Though they were fresh and beautiful to look at, kale and spinach simply do not have the pop and power of basil. I can appreciate a twist with the absence of basil, but the dish still desperately needed more of the acid from lemon that was buried at the bottom of the bowl and would have benefited from saltiness by way of shaved Parmesan. On another visit, the pappardelle redeemed itself with rich, earthy flavors of cremini and porcini mushrooms.

The seasoning problems were even more glaring in the lentils, chard and turnips that came with the hanger steak ($21). We had to cordon the wet, unseasoned vegetables to a corner of the plate to keep them from interfering with the Niman Ranch beef that was cooked to a perfect amaranth medium rare. We could taste no seasoning in the vegetables. I appreciate the desire to let fresh, local produce sing with little obstruction, but that does not mean one should be scared away from salt or pepper. The vegetables definitely needed to be drained longer, as the water threatened to make the plate inedible.


Texas French Bread

2900 Rio Grande St. 499-0544, texasfrench
 bread.com

Rating:7.5 out of 10

Hours:7 a.m. to 10 p.m. Mondays through Saturdays; 8 a.m. to 6 p.m.
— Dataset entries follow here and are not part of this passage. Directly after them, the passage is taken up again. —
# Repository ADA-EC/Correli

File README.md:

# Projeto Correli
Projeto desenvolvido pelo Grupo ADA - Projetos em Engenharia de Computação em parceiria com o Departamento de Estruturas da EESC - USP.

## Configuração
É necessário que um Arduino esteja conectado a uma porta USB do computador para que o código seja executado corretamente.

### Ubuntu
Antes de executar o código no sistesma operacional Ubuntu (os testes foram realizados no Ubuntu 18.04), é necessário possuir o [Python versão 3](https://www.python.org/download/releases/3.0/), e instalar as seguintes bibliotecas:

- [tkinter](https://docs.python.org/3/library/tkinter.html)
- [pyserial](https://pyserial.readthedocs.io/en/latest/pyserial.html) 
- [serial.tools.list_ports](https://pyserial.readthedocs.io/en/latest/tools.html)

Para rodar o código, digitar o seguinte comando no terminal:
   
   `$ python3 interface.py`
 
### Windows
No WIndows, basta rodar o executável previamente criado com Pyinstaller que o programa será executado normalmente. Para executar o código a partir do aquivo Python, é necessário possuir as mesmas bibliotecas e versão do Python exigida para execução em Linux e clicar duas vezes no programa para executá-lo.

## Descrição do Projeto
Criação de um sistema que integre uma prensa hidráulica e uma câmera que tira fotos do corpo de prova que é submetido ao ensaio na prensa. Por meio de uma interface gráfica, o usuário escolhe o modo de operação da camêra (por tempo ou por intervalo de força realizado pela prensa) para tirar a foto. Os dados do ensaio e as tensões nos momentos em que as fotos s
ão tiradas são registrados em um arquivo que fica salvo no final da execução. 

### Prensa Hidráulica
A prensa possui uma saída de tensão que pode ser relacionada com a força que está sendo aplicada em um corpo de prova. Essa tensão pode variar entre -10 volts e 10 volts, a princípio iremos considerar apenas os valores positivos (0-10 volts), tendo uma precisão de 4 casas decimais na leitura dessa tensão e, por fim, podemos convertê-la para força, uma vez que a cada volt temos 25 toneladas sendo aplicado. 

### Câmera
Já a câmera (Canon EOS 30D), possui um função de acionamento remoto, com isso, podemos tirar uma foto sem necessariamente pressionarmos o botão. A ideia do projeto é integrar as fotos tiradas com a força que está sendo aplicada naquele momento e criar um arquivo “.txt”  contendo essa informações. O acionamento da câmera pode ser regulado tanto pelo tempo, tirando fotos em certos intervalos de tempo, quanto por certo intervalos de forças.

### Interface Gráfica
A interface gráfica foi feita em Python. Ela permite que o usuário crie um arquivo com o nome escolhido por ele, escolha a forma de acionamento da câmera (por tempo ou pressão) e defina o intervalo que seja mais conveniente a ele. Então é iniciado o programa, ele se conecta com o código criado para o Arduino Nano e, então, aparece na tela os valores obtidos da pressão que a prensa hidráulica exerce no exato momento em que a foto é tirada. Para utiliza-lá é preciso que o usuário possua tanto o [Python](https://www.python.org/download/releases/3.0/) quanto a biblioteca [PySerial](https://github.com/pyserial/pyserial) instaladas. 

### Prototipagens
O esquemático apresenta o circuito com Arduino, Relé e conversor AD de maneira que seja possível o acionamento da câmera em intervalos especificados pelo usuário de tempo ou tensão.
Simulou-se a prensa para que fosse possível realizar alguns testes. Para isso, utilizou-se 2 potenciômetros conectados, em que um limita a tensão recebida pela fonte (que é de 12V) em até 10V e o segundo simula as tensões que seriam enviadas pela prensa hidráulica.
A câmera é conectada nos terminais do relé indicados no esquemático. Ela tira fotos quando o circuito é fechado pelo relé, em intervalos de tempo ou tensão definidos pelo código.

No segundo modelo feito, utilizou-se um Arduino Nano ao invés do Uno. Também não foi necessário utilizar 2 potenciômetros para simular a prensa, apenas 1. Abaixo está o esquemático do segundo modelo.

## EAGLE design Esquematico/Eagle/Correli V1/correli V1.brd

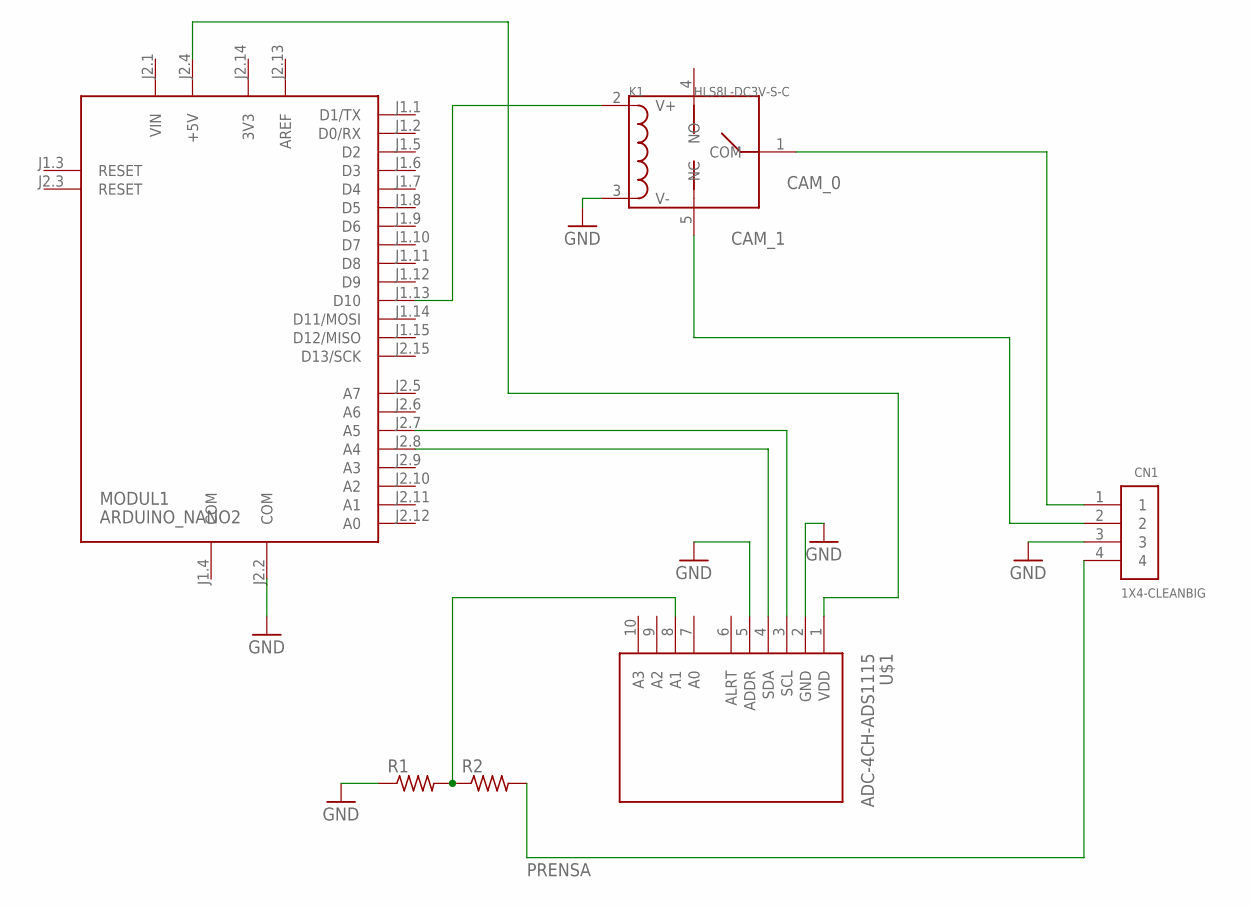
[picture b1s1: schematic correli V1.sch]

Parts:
CN1: 1X4-CLEANBIG; 1X04-CLEANBIG
K1: HLS8L-DC3V-S-C; REY5-19.0X15.0X15.0MM
MODUL1: ARDUINO_NANO2
R1, R2: R-US_0309/12; 0309/12
U$1: ADC-4CH-ADS1115

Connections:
3V3: MODUL1.J2.14 (3V3)
AREF: MODUL1.J2.13 (AREF)
CAM_0: CN1.1, K1.1 (COM)
CAM_1: CN1.2, K1.5 (NC)
COM: MODUL1.J1.4 (COM)
GND: CN1.3, K1.3 (V-), MODUL1.J2.2 (COM), R1.1, U$1.2 (GND), U$1.5 (ADDR)
unnamed: K1.2 (V+), MODUL1.J1.13 (D10)
unnamed: MODUL1.J2.4 (+5V), U$1.1 (VDD)
unnamed: MODUL1.J2.7 (A5), U$1.3 (SCL)
unnamed: MODUL1.J2.8 (A4), U$1.4 (SDA)
unnamed: R1.2, R2.1, U$1.8 (A1)
PRENSA: CN1.4, R2.2
VIN: MODUL1.J2.1 (VIN)

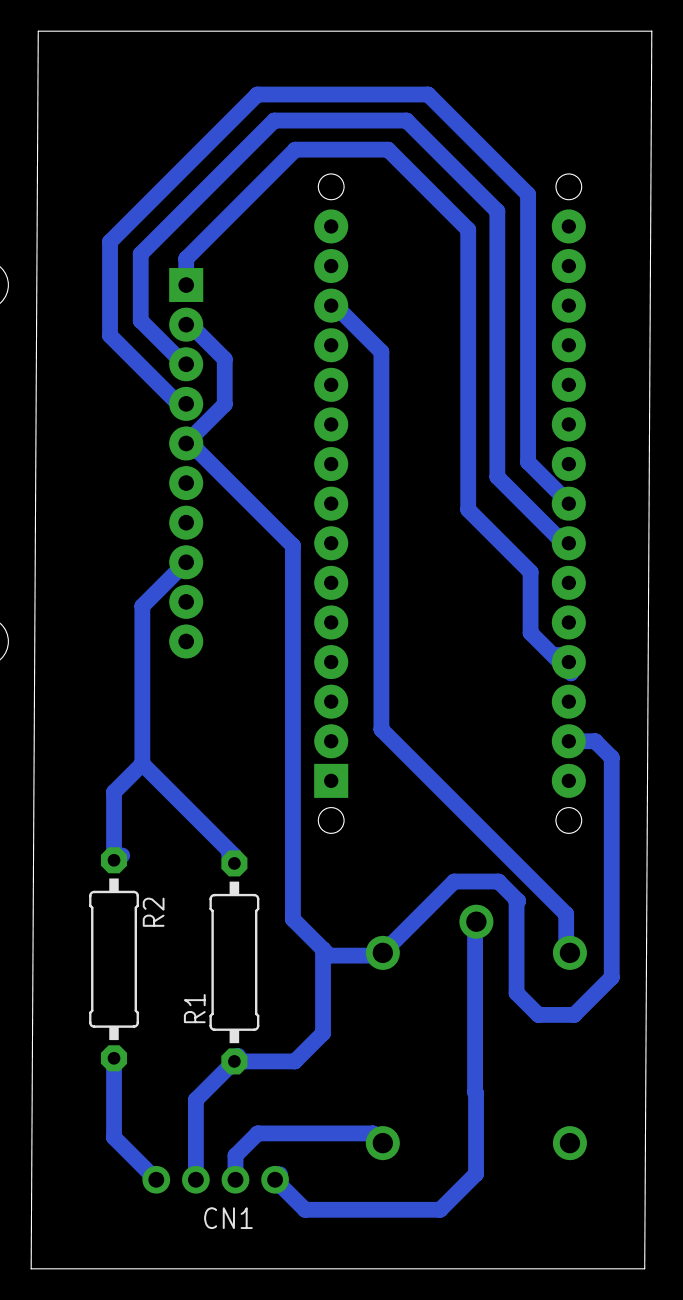
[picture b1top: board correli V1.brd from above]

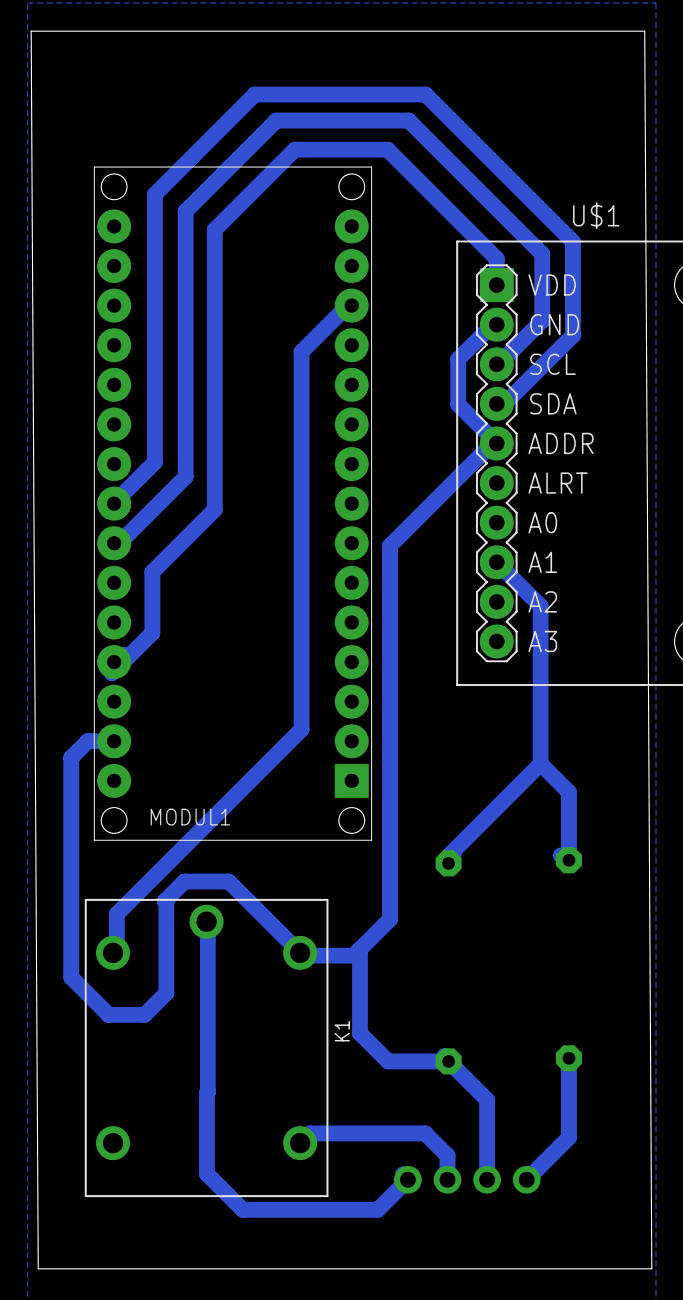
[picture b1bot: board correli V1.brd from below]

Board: 2 copper layers, 39.8 x 79.4 mm, 6 parts (3 on the bottom side), 9 nets.

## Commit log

2019-05-21 Descrição dos modulos a serem utilziados
2019-05-27 Código e circuito do conversor AD adicionado
2019-05-29 Código teste relé com conversor
2019-05-29 Código teste de acionamento do rele por tempo
2019-05-30 foto adicionada
2019-05-30 Atualização no código de acionamento por tempo
2019-05-30 apaguei uma imagem
2019-05-30 Criei essa pasta para ficar mais fácil de entrar no código do Arduino
2019-06-04 Codigo unido atualizado
2019-06-04 Pasta que contem o codigo unido de medicao por tempo e por tensao
2019-06-04 pasta com o esquemático do circuito montado
2019-06-04 README atualizado
2019-06-04 Imagem em png do esquemático montado pela Ada
2019-06-07 Pasta com a interface gráfica ainda não terminada em Python
2019-06-07 README com um breve resumo do funcionamento da interface gráfica adicionado a ele
2019-06-07 Arrumei um erro no nome de uma das variáveis
2019-07-01 Agora a interface printa os valores obtidos pelo Arduino da prensa
2019-07-04 Implementacao da comunicacao serial por meio da linguagem Python
2019-08-12 Interface com fundo de escala
2019-08-12 código de integraão adicionado
2019-08-19 Integracao do codigo da interface grafica com comunicacao serial
2019-08-27 Interface com botão de reiniciar e fechar programa
2019-09-09 Arduino recebe configuracoes
2019-09-09 Interface gráfica com conexão entre ela e o Arduino
2019-09-16 Interface arrumada
2019-09-16 código do sistema atualizado
2019-09-16 Correção de bugs
2019-09-20 Autoscroll implementado, arquivo agora armazena os valores e botão fechar funcional com arduino
2019-09-30 Interface com botão de fechar sem bug
2019-10-01 Readme atualizado com novo esquemático
2019-10-01 Esquemáticos do Arduino Nano adicionados
2019-10-07 Iniciando a criaçao do instalador da interface
2019-11-28 Interface FInalizada
2019-11-28 Esquematico da placa em Eagle
2019-11-29 Executável do código inserido
2019-12-22 Arquivos de teste excluídos
2020-01-06 Dois arquivos da pasta Codigo_Sistema foram deletados por nao mais serem uteis para o projeto
2020-01-16 Interface gráfica comentada
2020-02-04 Codigo_Sistema com novos comentarios
2020-03-23 Adicionei um programa que fiz para aprender a mexer com arquivos .json
2020-03-23 Comentários
2020-03-24 Interface arrumada com janela para início de ensaio
2020-03-24 Interface com opção de local de salvamento do arquivo
2020-03-30 Interface com opção de escolha entre Arduinos e em uma única página
2020-03-30 Interface com opção de escolha entre Arduinos, em uma única página e só permitindo inserir números
2020-04-06 Interface com somente 1 página
2020-04-08 2 tipos de interface, uma com somente 1 página de configurações e a original
2020-04-08 2 tipos de interface, uma com somente 1 página de configurações e outra original
2020-04-11 Interface com aparência mudada
2020-04-11 Codigo ADC atualizado
2020-04-12 Interface única com algumas funções arrumadas
2020-04-14 Interface sem bugs e perfeita!
2020-04-15 Interface sem bugs e comentada!
2020-08-17 Criacao das funcoes que salvam e carregam configuracoes json
2020-08-17 Havia esquecido de adicionar um biblioteca
2020-09-03 Finalizacao da interface grafica
2020-10-26 Bugs arrumados e usuário não pode inserir parametro vazio
2020-11-25 Criacao do executavel da interface de pagina unica
2020-11-25 Corrigindo erro do ultimo commit
2020-11-27 Update executavel
2020-11-27 Interface sem os prints
2020-11-27 Update executavel interface
2020-11-27 Executável add na pasta de executáveis
2021-03-15 Documentos para impressão 3D da caixa adicionados

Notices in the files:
parts and their libraries:
diy-modules: Released under the Creative Commons Attribution 4.0 International License: http://creativecommons.org/licenses/by/4.0

Sundays

Prices:Appetizers and salads $6-$13. Entrées $14-$22.

What the rating means: The 10-point scale is an average of weighted scores for food, service, value, ambience and overall dining experience, with 10 being the best.

The Bottom Line:Texas French Bread expands its horizons and repositions itself in the Austin food scene with their farm-to-table dinners.